Isu dan kasus-kasus ini pernah goyang pemerintahan Gus Dur

Kamis, 12 Desember 2013 04:00 Reporter : Mohamad Taufik
Isu dan kasus-kasus ini pernah goyang pemerintahan Gus Dur Gus Dur. ©Reuters

Merdeka.com - Selama kurang lebih 21 bulan Gus Dur menjabat sebagai presiden, perjalanan roda pemerintahan tidaklah mulus. Kabinet Gus Dur tertatih-tatih menjalankan pemerintahan di negeri ini, ada yang terus mendukung, ada pula yang mengkritik.

Pasca-tumbangnya Soeharto pada reformasi 1998, hantaman krisis moneter masih terjadi, ditambah kerusuhan di berbagai daerah yang mengancam perpecahan negeri. Dengan demikian, saat dilantik sebagai presiden keempat pada 20 Oktober 1999, Gus Dur memangku tanggung jawab besar.

Namun di tengah masa-masa sulit seperti itu, muncul beberapa kasus yang sempat menggoyang posisi Gus Dur. Bahkan, dua di antara kasus-kasus itu sempat memicu ketegangan antara DPR dan Gus Dur, yakni masalah Buloggate dan Bruneigate, hingga berujung pada pemakzulan pada 23 Juli 2001.

Berikut ini beberapa isu dan kasus yang menggoyang Gus Dur saat menjabat sebagai presiden RI keempat:

1 dari 4 halaman

Kasus Buloggate

Pada Januari 2000, Gus Dur bertanya soal situasi kas Badan Urusan Logistik (Bulog). Dia ingin meminjam dana dari kas Bulog untuk program bantuan Aceh.
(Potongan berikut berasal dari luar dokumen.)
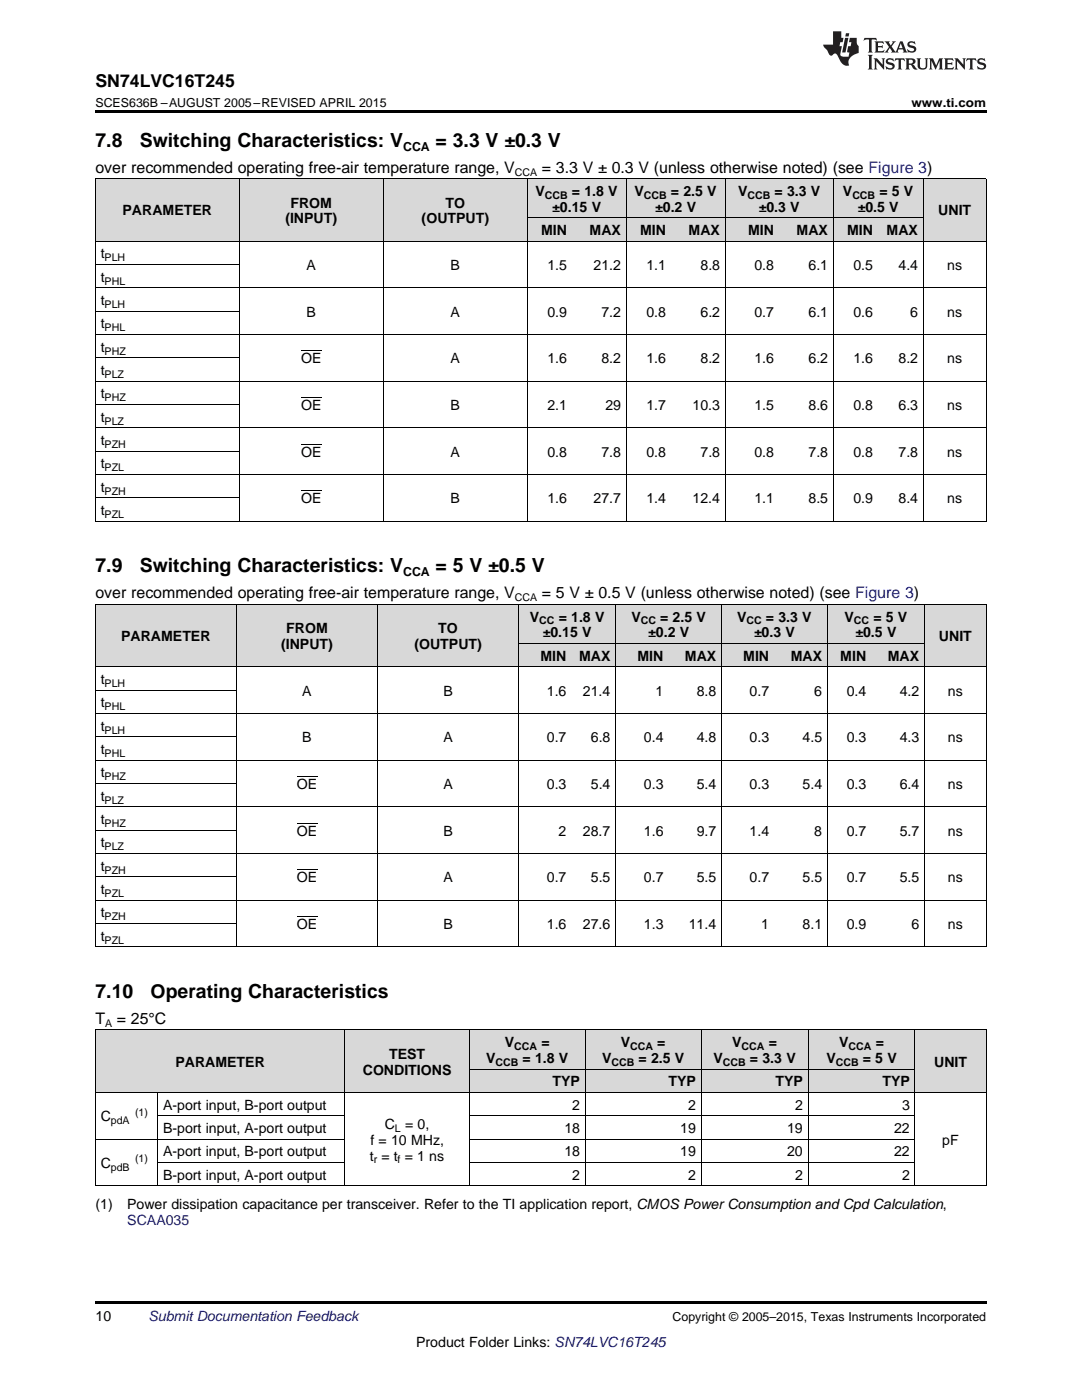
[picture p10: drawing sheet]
<svg xmlns="http://www.w3.org/2000/svg" width="216mm" height="279mm" viewBox="0 0 216 279" stroke-linecap="round" stroke-linejoin="round" font-family="sans-serif">
<g fill="#d8d8d8">
<path d="M19 205.6h12.5v12.5h-12.5z"/>
<path d="M31.5 205.6h37.3v12.5h-37.3z"/>
<path d="M68.8 205.6h24.9v12.5h-24.9z"/>
<path d="M93.7 213.4h23.1v4.7h-23.1z"/>
<path d="M116.8 213.4h23.1v4.7h-23.1z"/>
<path d="M139.9 213.4h21.4v4.7h-21.4z"/>
<path d="M161.3 213.4h21.3v4.7h-21.3z"/>
<path d="M182.6 205.6h14.2v12.5h-14.2z"/>
<path d="M93.7 205.6h23.1v7.8h-23.1z"/>
<path d="M116.8 205.6h23.1v7.8h-23.1z"/>
<path d="M139.9 205.6h21.4v7.8h-21.4z"/>
<path d="M161.3 205.6h21.3v7.8h-21.3z"/>
<path d="M19 120.7h28.2v12.4h-28.2z"/>
<path d="M47.2 120.7h28.2v12.4h-28.2z"/>
<path d="M75.4 120.7h28.1v12.4h-28.1z"/>
<path d="M103.5 128.5h10.6v4.6h-10.6z"/>
<path d="M114.1 128.5h8.8v4.6h-8.8z"/>
<path d="M122.9 128.5h10.6v4.6h-10.6z"/>
<path d="M133.5 128.5h10.5v4.6h-10.5z"/>
<path d="M144 128.5h10.6v4.6h-10.6z"/>
<path d="M154.6 128.5h10.5v4.6h-10.5z"/>
<path d="M165.1 128.5h8.9v4.6h-8.9z"/>
<path d="M174 128.5h10.5v4.6h-10.5z"/>
<path d="M184.5 120.7h12.3v12.4h-12.3z"/>
<path d="M103.5 120.7h10.6v7.8h-10.6z"/>
<path d="M114.1 120.7h8.8v7.8h-8.8z"/>
<path d="M122.9 120.7h10.6v7.8h-10.6z"/>
<path d="M133.5 120.7h10.5v7.8h-10.5z"/>
<path d="M144 120.7h10.6v7.8h-10.6z"/>
<path d="M154.6 120.7h10.5v7.8h-10.5z"/>
<path d="M165.1 120.7h8.9v7.8h-8.9z"/>
<path d="M174 120.7h10.5v7.8h-10.5z"/>
<path d="M19 35.7h28.8v12.5h-28.8z"/>
<path d="M47.8 35.7h28.7v12.5h-28.7z"/>
<path d="M76.5 35.7h28.7v12.5h-28.7z"/>
<path d="M105.2 43.5h9v4.7h-9z"/>
<path d="M114.2 43.5h10.8v4.7h-10.8z"/>
<path d="M125 43.5h9v4.7h-9z"/>
<path d="M134 43.5h10.7v4.7h-10.7z"/>
<path d="M144.7 43.5h10.8v4.7h-10.8z"/>
<path d="M155.5 43.5h10.8v4.7h-10.8z"/>
<path d="M166.3 43.5h9v4.7h-9z"/>
<path d="M175.3 43.5h9v4.7h-9z"/>
<path d="M184.3 35.7h12.5v12.5h-12.5z"/>
<path d="M105.2 35.7h9v7.8h-9z"/>
<path d="M114.2 35.7h10.8v7.8h-10.8z"/>
<path d="M125 35.7h9v7.8h-9z"/>
<path d="M134 35.7h10.7v7.8h-10.7z"/>
<path d="M144.7 35.7h10.8v7.8h-10.8z"/>
<path d="M155.5 35.7h10.8v7.8h-10.8z"/>
<path d="M166.3 35.7h9v7.8h-9z"/>
<path d="M175.3 35.7h9v7.8h-9z"/>
</g>
<g fill="#000">
<path d="M19 22h177.8v.5h-177.8zM19 104l.2 .1zM76.4 104l.1 .1zM105.1 104l.1 .1zM114.1 104l.1 .1zM124.9 104l.1 .1zM144.6 104l.1 .1zM155.4 104l.1 .1zM166.2 104l.1 .1zM175.2 104l.1 .1zM184.1 104l.2 .1zM196.7 104l.1 .1z"/>
<path d="M19 259.7h177.8v.5h-177.8z"/>
</g>
<g fill="none" stroke="#000" stroke-width=".2">
<path d="M19 35.6h177.8M19.1 35.7v68.4M47.7 35.7v68.4M76.5 35.7v68.4M105.2 35.7v68.4M124.9 35.7v68.4M144.7 35.7v68.4M166.2 35.7v68.4M184.2 35.7v68.4M196.8 35.7v68.4M19 57.4h177.8M19 52.8h28.8"/>
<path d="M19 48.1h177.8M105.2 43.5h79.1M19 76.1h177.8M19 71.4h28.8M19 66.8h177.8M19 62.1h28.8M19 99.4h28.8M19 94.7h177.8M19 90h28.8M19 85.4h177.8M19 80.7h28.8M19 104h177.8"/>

Gus Dur berniat menggelontorkan dana ke Aceh untuk membangun infrastruktur, transportasi, kesehatan, pendidikan dan sosial.

Praktik pinjam meminjam kas ini lazimnya di pemerintahan, termasuk pemerintahan sebelumnya, Habibie dan Soeharto. Gus Dur sempat diimbau sebelum meminjam kas ke Bulog agar berkonsultasi ke DPR. Namun, Gus Dur menolak dengan alasan mengulur-ulur waktu dan akan menjadi permainan politik.

Pada Mei 2000, Gus Dur mendapat kabar bahwa ada USD 4 juta menghilang dari kas Bulog. Uang ini ternyata diambil Suwondo, mantan tukang pijit Soeharto dan Gus Dur. Suwondo ketika itu mengaku ke Bulog sebagai utusan Presiden Gus Dur dan meminta uang tersebut.

Kasus ini sempat masuk ke Kejaksaan Agung, tapi Gus Dur dinyatakan tidak terlibat. Suwondo juga terbukti tidak memiliki hubungan apa-apa dengan Gus Dur. Lalu pada 28 Mei 2003 keluar Surat Perintah Penghentian Penyidikan (SP3).

Topik pilihan: PKB | PBNU

2 dari 4 halaman

Heboh foto Gus Dur-Ariyanti Sitepu

Kasus ini juga sempat ramai. Mendadak beredar foto Gus Dur dengan seorang perempuan bernama Ariyanti Sitepu. Foto ini beredar ketika sedang ramai isu reshuffle kabinet yang akan dilakukan oleh Gus Dur.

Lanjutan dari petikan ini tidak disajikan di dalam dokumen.